Prove $f:[0,1]\times[0,1]\to \mathbb R$ is integrable.

Question

Let $f:[0,1]\times[0,1]\to \mathbb R$, $$f(x,y)= \begin{cases} \frac1q+\frac1n, & \text{if $(x,y)=(\frac mn,\frac pq) \in \Bbb Q\times\Bbb Q,$ $ (m,n)=1=(p,q)$ } \\ 0, & \text{if $x$ or $y$ irrational$ $ or $0,1$} \end{cases} $$

Prove that f is integrable over $R=[0,1]\times[0,1]$ and find the value of the integral (I know its value is zero, because every lower sum is zero).

I'm trying to find the set of discontinuities of $f$ over $R$ and prove that it has measure zero, so that $f$ is integrable.

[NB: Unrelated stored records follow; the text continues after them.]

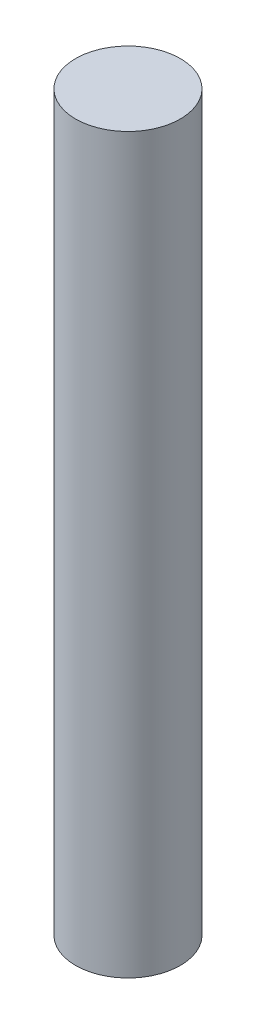
from build123d import *

# Parameters (mm, degrees)
SKETCH2_R           = 12.7
BOSS_EXTRUDE3_DEPTH = 177.8


with BuildPart() as part:
    # Sketch2 → Boss-Extrude3 (new body)
    with BuildSketch(Plane(origin=(0, 0, 0), x_dir=(1, 0, 0), z_dir=(0, 1, 0))):
        Circle(SKETCH2_R)
    extrude(amount=BOSS_EXTRUDE3_DEPTH)


solid = part.part
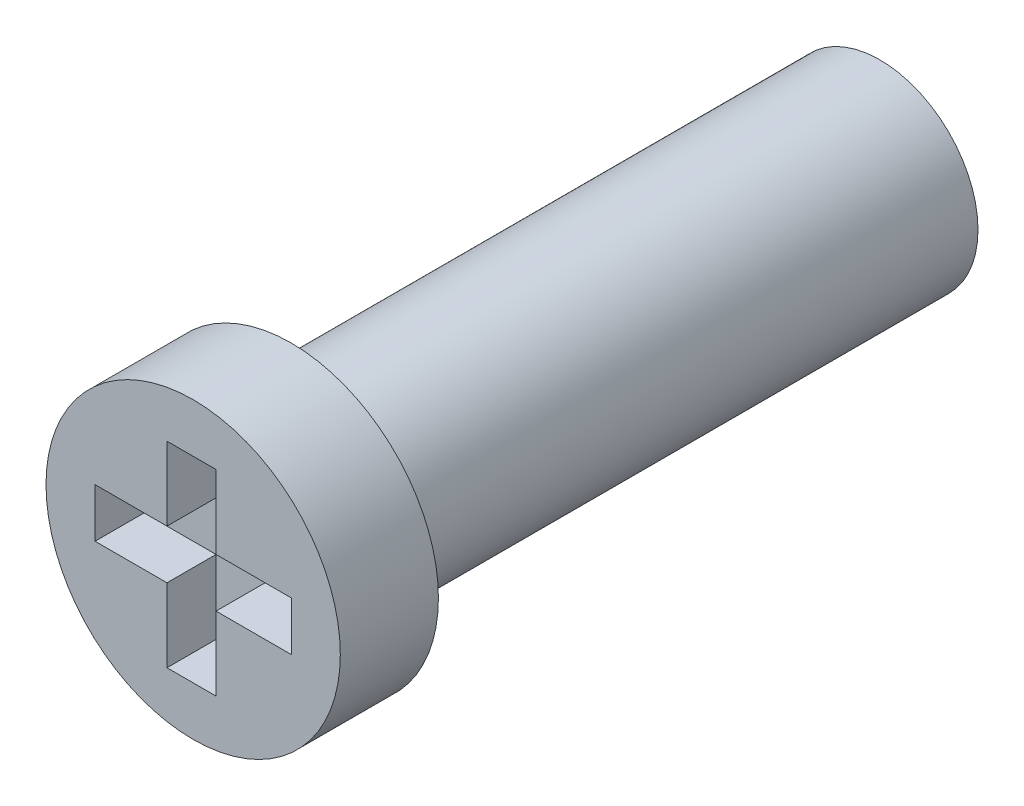
from build123d import *

# Parameters (mm, degrees)
SZKIC1_R                    = 2
DODANIE_WYCI_GNI_CIE1_DEPTH = 12
SZKIC2_R                    = 3
DODANIE_WYCI_GNI_CIE2_DEPTH = 2
WYTNIJ_WYCI_GNI_CIE1_DEPTH  = 1


with BuildPart() as part:
    # Szkic1 → Dodanie-wyciągnięcie1 (new body)
    with BuildSketch(Plane.XY):
        Circle(SZKIC1_R)
    extrude(amount=DODANIE_WYCI_GNI_CIE1_DEPTH)

    # Szkic2 → Dodanie-wyciągnięcie2 (add)
    with BuildSketch(Plane.XY.offset(12)):
        Circle(SZKIC2_R)
    extrude(amount=DODANIE_WYCI_GNI_CIE2_DEPTH)

    # Szkic3 → Wytnij-wyciągnięcie1 (cut)
    with BuildSketch(Plane.XY.offset(14)):
        Polygon((0.466528249, 0.5), (2, 0.5), (2, -0.5), (0.466528249, -0.5), (0.466528249, -2), (-0.533471751, -2), (-0.533471751, -0.5), (-2, -0.5), (-2, 0.5), (-0.533471751, 0.5), (-0.533471751, 2), (0.466528249, 2), align=None)
    extrude(amount=-WYTNIJ_WYCI_GNI_CIE1_DEPTH, mode=Mode.SUBTRACT)


solid = part.part
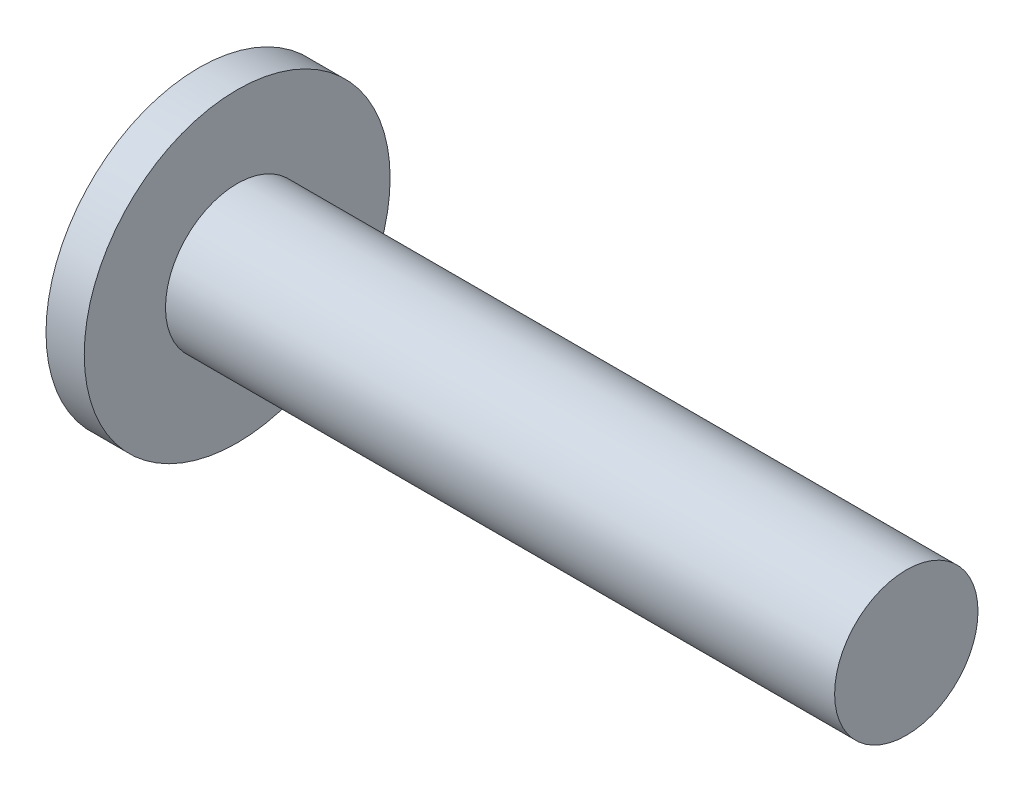
from build123d import *

# Parameters (mm, degrees)
CROQUIS1_R              = 3.75
SALIENTE_EXTRUIR1_DEPTH = 18.5
CROQUIS2_R              = 8
SALIENTE_EXTRUIR2_DEPTH = 2


with BuildPart() as part:
    # Croquis1 → Saliente-Extruir1 (new body, symmetric)
    with BuildSketch(Plane(origin=(0, 0, 0), x_dir=(0, 0, -1), z_dir=(1, 0, 0))):
        Circle(CROQUIS1_R)
    extrude(amount=SALIENTE_EXTRUIR1_DEPTH, both=True)

    # Croquis2 → Saliente-Extruir2 (add)
    with BuildSketch(Plane.ZY.offset(18.5)):
        Circle(CROQUIS2_R)
    extrude(amount=-SALIENTE_EXTRUIR2_DEPTH)


solid = part.part

I remember doing this for the one dimensional case (Thomae´s function), proving that $f$ was continuous over the irrationals and discontinuous over the rationals, but I can't prove it this time, so I need some help, it will be really appreciated.

Answer 1

Let $u\mapsto T(u)$ $\>(0\leq u\leq1)$ be Thomae's function. Then $$0\leq f(x,y)\leq T(x)+T(y)\qquad\bigl((x,y)\in Q:=[0,1]^2\bigr)\ .$$ By "Fubini's theorem" for Riemann integrals one obtains $$\int_Q T(y)\>{\rm d}(x,y)=\int_0^1 \int_0^1 T(y) dy\ dx=0\ ,$$ and similarly for $(x,y)\mapsto T(x)$. It follows that $\int_Q f(x,y)\>{\rm d}(x,y)=0$.

Answer 2

If $a,b\in[0,1]\setminus\mathbb{Q}$, then $f$ is continuous in $(a,b)$. Given $\epsilon>0$, the number of rationals in $[0,1]$ with denominator (when written as $p/q$ an irreducible fraction) larger than than $1/\epsilon$ is finite. Then there exists $\delta>0$ such that if $|x-a|,|y-b|<\delta$, then $f(x,y)=0$ (if one of $x$ or $y$ is irrational) or less than $2\,\epsilon$ (if both $x$ and $y$ are rational.) In any case, $|f(x,y)-f(x,a)|\le2\,\epsilon$. The set of discontinuities of $f$ is contained in $$ D=\bigcup_{r\in\mathbb Q}\Bigl(\{r\}\times[0,1]\cup[0,1]\times\{r\}\Bigr). $$ $D$ is the countable union of sets of measure $0$, so it has also measure $0$.